What you should do
The reply should hold every record, copied exactly, and none of the pictures.

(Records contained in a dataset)
══════════
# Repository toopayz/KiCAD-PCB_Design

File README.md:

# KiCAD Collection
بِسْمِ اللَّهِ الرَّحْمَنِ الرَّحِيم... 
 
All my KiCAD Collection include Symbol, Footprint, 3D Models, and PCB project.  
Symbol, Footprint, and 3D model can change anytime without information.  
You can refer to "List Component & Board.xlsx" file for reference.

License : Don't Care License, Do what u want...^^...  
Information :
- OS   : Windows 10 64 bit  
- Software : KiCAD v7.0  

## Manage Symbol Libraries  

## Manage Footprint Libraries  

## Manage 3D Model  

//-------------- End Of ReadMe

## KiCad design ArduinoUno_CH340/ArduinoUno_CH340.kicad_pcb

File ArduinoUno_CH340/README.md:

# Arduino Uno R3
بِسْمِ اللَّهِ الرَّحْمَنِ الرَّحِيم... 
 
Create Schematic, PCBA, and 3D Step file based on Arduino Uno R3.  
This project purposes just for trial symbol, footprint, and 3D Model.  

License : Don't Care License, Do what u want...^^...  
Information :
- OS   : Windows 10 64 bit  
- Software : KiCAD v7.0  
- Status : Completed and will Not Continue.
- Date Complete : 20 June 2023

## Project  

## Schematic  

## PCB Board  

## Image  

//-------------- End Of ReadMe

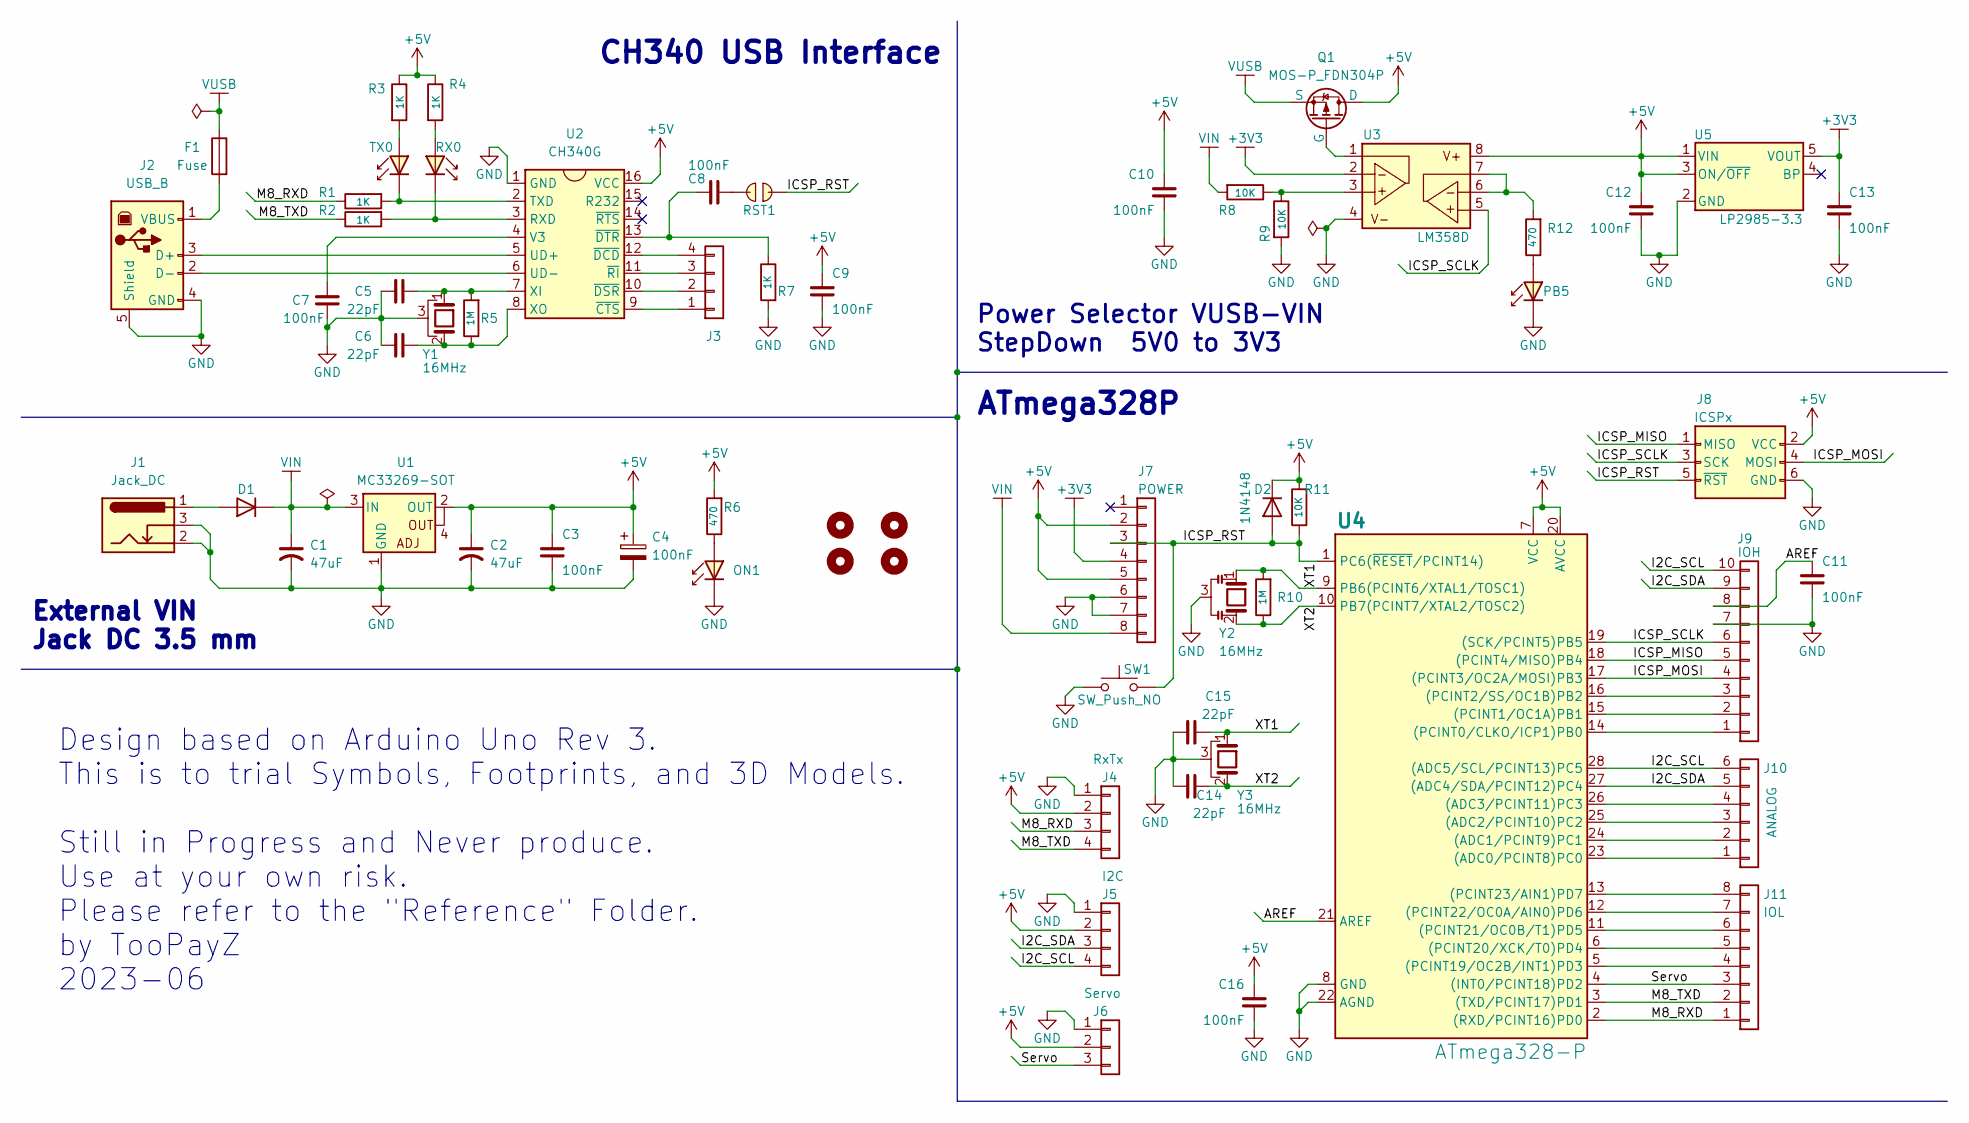
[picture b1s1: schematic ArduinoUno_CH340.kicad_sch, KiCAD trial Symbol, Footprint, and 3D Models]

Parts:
C1, C2: 47uF; C_Radial_D6.3mm_P2.50mm
C3, C7, C8, C9, C10, C11, C12, C13, C16: 100nF; C_0805_HandSolder
C4: 100nF; CP_EIA-3216-10_Kemet-I
C5, C6, C14, C15: 22pF; C_0805_HandSolder
D1: D; D_SMA
D2: 1N4148; D_SOD-123
F1: Fuse; C_1206_HandSolder
H1, H2, H3, H4: MountingHole; MountingHole_3.2mm_M3
J1: Jack_DC; JackDC_Input_3.5mm
J2: USB_B; USB_B_Lumberg_2411_02_Horizontal
J3: Header_4P; PinHeader_1x04_P2.54mm_Vertical
J4: RxTx; PinHeader_1x04_P2.54mm_Vertical
J5: I2C; PinHeader_1x04_P2.54mm_Vertical
J6: Servo; PinHeader_1x03_P2.54mm_Vertical
J7: POWER; PinSocket_1x08_P2.54mm_Vertical
J8: ICSPx; PinHeader_2x03_P2.54mm_Vertical
J9: IOH; PinSocket_1x10_P2.54mm_Vertical
J10: ANALOG; PinSocket_1x06_P2.54mm_Vertical
J11: IOL; PinSocket_1x08_P2.54mm_Vertical
ON1: LRED; LED_0805_HandSolder
PB5: PB5; LED_0805_HandSolder
Q1: MOS-P_FDN304P; SOT-23
R1, R2, R3, R4, R7: 1K; R_0805_HandSolder
R5, R10: 1M; R_0805_HandSolder
R6, R12: 470; R_0805_HandSolder
R8, R9, R11: 10K; R_0805_HandSolder
RST1: RESET_EN; SolderJumper-2_P1.3mm_Open_RoundedPad1.0x1.5mm
RX0: RX; LED_0805_HandSolder
SW1: SW_Push_NO; SW_SPST_CK_RS282G05A3
TX0: TX; LED_0805_HandSolder
U1: MC33269-SOT; SOT-223
U2: CH340G; SOIC-16_3.9x9.9mm_P1.27mm
U3: LM358D; SOIC-8_3.9x4.9mm_P1.27mm
U4: ATmega328-P; DIP-28_W7.62mm
U5: LP2985-3.3; SOT-23-5
Y1, Y3: 16MHz; Crystal_HC49-4H_Vertical_GND
Y2: 16MHz; Resonator_SMD_Murata_CSTxExxV-3Pin_3.0x1.1mm_HandSoldering

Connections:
+3V3: C13.1, J7.4, U3.2 (INPA-), U5.5 (VOUT)
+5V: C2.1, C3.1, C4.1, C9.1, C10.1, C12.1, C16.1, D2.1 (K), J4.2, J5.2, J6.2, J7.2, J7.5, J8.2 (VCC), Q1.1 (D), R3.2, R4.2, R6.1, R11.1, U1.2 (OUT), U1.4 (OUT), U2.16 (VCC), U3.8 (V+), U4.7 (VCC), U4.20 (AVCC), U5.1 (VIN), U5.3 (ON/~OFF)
══════════
Response
# Repository toopayz/KiCAD-PCB_Design

File README.md:

# KiCAD Collection
بِسْمِ اللَّهِ الرَّحْمَنِ الرَّحِيم... 
 
All my KiCAD Collection include Symbol, Footprint, 3D Models, and PCB project.  
Symbol, Footprint, and 3D model can change anytime without information.  
You can refer to "List Component & Board.xlsx" file for reference.

License : Don't Care License, Do what u want...^^...  
Information :
- OS   : Windows 10 64 bit  
- Software : KiCAD v7.0  

## Manage Symbol Libraries  

## Manage Footprint Libraries  

## Manage 3D Model  

//-------------- End Of ReadMe

## KiCad design ArduinoUno_CH340/ArduinoUno_CH340.kicad_pcb

File ArduinoUno_CH340/README.md:

# Arduino Uno R3
بِسْمِ اللَّهِ الرَّحْمَنِ الرَّحِيم... 
 
Create Schematic, PCBA, and 3D Step file based on Arduino Uno R3.  
This project purposes just for trial symbol, footprint, and 3D Model.  

License : Don't Care License, Do what u want...^^...  
Information :
- OS   : Windows 10 64 bit  
- Software : KiCAD v7.0  
- Status : Completed and will Not Continue.
- Date Complete : 20 June 2023

## Project  

## Schematic  

## PCB Board  

## Image  

//-------------- End Of ReadMe

[picture b1s1: schematic ArduinoUno_CH340.kicad_sch, KiCAD trial Symbol, Footprint, and 3D Models]

Parts:
C1, C2: 47uF; C_Radial_D6.3mm_P2.50mm
C3, C7, C8, C9, C10, C11, C12, C13, C16: 100nF; C_0805_HandSolder
C4: 100nF; CP_EIA-3216-10_Kemet-I
C5, C6, C14, C15: 22pF; C_0805_HandSolder
D1: D; D_SMA
D2: 1N4148; D_SOD-123
F1: Fuse; C_1206_HandSolder
H1, H2, H3, H4: MountingHole; MountingHole_3.2mm_M3
J1: Jack_DC; JackDC_Input_3.5mm
J2: USB_B; USB_B_Lumberg_2411_02_Horizontal
J3: Header_4P; PinHeader_1x04_P2.54mm_Vertical
J4: RxTx; PinHeader_1x04_P2.54mm_Vertical
J5: I2C; PinHeader_1x04_P2.54mm_Vertical
J6: Servo; PinHeader_1x03_P2.54mm_Vertical
J7: POWER; PinSocket_1x08_P2.54mm_Vertical
J8: ICSPx; PinHeader_2x03_P2.54mm_Vertical
J9: IOH; PinSocket_1x10_P2.54mm_Vertical
J10: ANALOG; PinSocket_1x06_P2.54mm_Vertical
J11: IOL; PinSocket_1x08_P2.54mm_Vertical
ON1: LRED; LED_0805_HandSolder
PB5: PB5; LED_0805_HandSolder
Q1: MOS-P_FDN304P; SOT-23
R1, R2, R3, R4, R7: 1K; R_0805_HandSolder
R5, R10: 1M; R_0805_HandSolder
R6, R12: 470; R_0805_HandSolder
R8, R9, R11: 10K; R_0805_HandSolder
RST1: RESET_EN; SolderJumper-2_P1.3mm_Open_RoundedPad1.0x1.5mm
RX0: RX; LED_0805_HandSolder
SW1: SW_Push_NO; SW_SPST_CK_RS282G05A3
TX0: TX; LED_0805_HandSolder
U1: MC33269-SOT; SOT-223
U2: CH340G; SOIC-16_3.9x9.9mm_P1.27mm
U3: LM358D; SOIC-8_3.9x4.9mm_P1.27mm
U4: ATmega328-P; DIP-28_W7.62mm
U5: LP2985-3.3; SOT-23-5
Y1, Y3: 16MHz; Crystal_HC49-4H_Vertical_GND
Y2: 16MHz; Resonator_SMD_Murata_CSTxExxV-3Pin_3.0x1.1mm_HandSoldering

Connections:
+3V3: C13.1, J7.4, U3.2 (INPA-), U5.5 (VOUT)
+5V: C2.1, C3.1, C4.1, C9.1, C10.1, C12.1, C16.1, D2.1 (K), J4.2, J5.2, J6.2, J7.2, J7.5, J8.2 (VCC), Q1.1 (D), R3.2, R4.2, R6.1, R11.1, U1.2 (OUT), U1.4 (OUT), U2.16 (VCC), U3.8 (V+), U4.7 (VCC), U4.20 (AVCC), U5.1 (VIN), U5.3 (ON/~OFF)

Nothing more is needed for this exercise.